HEALTH and WELLBEING
Osteoarthritis (OA) is a leading cause of disability worldwide. Only in the UK, 8.75 million people aged 45 and over are currently seeking treatment for OA. OA-associated joint damage impairs mobility, compromises patients' independence and induce chronic pain. No pharmacological treatment can revert the joint to its healthy state or at least stop disease progression. Invasive reconstructive surgery is the ultimate option for the most severe cases translating into huge socio-economic costs: up to 2.5% of the GDPs in the developed countries are spent in OA-associated costs.
Our proposal has an ultimate goal to understand how joint homeostasis is maintained in physiological conditions and the key molecular drivers of these mechanisms. We believe that these could be targeted pharmacologically to develop new disease modifying drugs ultimately improving the quality of life of million people worldwide, avoiding the need of invasive surgeries as well as hospitalisation associated costs and possible post-surgical complications.

PHARMACEUTICAL INDUSTRY
As mentioned above, osteoarthritis patients represent a huge slice of the pharmaceutical market, both human and veterinary. As well as in human, in fact, 30% of the dogs and 20% of horses' owners seek medical attention for their pets because of OA. As molecular mechanisms leading to OA seems to be preserved across species, our discoveries could be developed in collaboration with the private sector across human and veterinary markets having a long term impact on the UK and worldwide market. This would create jobs and would strengthen the UK's competitive advantage in this sector.
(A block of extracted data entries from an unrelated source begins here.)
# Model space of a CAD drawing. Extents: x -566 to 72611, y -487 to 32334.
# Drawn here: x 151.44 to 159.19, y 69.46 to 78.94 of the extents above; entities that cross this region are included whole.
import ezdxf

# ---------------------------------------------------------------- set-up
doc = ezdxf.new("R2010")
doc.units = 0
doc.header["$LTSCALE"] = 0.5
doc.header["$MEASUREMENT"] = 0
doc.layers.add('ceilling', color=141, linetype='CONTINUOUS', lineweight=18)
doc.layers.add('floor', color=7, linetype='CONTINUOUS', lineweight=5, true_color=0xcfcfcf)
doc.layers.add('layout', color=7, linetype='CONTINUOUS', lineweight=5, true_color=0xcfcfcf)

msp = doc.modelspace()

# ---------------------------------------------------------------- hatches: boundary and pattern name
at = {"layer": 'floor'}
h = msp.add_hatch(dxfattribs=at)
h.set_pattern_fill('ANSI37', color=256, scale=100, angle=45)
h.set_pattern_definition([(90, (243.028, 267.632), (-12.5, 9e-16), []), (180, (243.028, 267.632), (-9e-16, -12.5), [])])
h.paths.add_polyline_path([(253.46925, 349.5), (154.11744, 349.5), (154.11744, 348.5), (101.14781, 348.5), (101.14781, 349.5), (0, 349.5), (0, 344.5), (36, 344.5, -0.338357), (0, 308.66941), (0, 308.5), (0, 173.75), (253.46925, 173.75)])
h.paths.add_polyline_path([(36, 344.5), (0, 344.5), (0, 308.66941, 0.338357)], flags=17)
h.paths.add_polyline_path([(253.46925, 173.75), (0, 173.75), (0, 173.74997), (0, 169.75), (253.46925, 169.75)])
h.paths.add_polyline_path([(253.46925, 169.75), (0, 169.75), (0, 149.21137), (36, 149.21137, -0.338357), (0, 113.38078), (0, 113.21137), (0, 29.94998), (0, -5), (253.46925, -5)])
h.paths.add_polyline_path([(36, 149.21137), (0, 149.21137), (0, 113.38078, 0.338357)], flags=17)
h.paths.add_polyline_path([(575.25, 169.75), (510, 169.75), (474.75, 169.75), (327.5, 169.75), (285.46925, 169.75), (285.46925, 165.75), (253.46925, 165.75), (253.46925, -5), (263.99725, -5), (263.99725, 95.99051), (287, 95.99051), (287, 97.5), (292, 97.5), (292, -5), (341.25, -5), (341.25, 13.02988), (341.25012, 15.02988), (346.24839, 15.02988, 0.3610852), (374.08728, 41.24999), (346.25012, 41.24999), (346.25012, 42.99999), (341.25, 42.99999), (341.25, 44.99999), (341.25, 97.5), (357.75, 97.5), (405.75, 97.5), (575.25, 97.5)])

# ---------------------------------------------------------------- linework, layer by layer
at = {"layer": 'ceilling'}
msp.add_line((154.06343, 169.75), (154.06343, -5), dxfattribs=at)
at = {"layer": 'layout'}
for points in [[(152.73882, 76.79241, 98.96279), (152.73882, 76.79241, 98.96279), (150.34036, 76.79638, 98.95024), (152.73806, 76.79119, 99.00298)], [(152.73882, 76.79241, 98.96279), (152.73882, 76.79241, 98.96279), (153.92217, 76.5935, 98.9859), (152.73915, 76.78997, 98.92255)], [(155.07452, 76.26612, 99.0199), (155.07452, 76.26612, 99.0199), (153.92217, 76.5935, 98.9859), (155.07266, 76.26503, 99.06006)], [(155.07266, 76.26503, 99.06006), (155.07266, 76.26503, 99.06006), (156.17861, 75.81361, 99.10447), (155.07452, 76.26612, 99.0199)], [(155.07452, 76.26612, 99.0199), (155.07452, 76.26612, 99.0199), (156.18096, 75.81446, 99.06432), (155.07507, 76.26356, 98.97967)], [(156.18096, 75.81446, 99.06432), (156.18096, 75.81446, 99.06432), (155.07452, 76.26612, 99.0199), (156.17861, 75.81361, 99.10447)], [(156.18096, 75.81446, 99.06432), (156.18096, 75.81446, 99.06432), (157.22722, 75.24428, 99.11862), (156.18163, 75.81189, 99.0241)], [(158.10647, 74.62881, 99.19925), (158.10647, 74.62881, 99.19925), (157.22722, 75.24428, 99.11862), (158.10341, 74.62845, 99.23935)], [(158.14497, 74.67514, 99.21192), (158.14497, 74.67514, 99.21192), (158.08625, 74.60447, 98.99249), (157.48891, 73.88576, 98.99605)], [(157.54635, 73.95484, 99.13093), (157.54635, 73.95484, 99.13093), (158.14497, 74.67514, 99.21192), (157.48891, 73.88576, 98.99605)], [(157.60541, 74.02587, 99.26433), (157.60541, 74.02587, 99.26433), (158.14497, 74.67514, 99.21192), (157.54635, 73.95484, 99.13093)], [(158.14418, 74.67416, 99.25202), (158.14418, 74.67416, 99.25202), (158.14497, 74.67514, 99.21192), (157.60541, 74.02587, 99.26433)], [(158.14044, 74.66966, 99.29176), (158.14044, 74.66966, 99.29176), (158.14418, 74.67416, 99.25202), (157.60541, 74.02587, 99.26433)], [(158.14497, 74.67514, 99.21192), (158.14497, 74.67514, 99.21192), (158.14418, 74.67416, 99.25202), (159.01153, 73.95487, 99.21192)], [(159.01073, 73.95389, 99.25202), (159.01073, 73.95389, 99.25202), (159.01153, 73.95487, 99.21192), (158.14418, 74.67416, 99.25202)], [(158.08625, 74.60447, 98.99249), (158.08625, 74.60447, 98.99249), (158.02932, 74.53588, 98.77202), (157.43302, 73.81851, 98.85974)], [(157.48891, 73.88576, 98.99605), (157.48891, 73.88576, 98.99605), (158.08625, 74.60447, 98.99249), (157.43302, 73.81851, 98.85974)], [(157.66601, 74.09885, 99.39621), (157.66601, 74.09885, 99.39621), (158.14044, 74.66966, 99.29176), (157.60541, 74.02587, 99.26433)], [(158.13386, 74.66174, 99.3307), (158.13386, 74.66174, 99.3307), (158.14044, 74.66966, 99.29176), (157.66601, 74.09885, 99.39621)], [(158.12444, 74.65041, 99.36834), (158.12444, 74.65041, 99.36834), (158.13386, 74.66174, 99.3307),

PROVISION OF SKILLED PEOPLE IN THE WORKFORCE
The burden of musculoskeletal disease is predicted to increase: by 2050, 130 million people will be affected. The PDRAs who will employed on this grant will be trained in a highly specialised scientific skillset and provided broadly transferrable skills in oral and written communication, public engagement and interdisciplinary collaborations. This will prepare them for a career as future scientific leaders, or in teaching, policy or public engagement, which are ever-more important as the awareness and importance of the musculoskeletal conditions grows.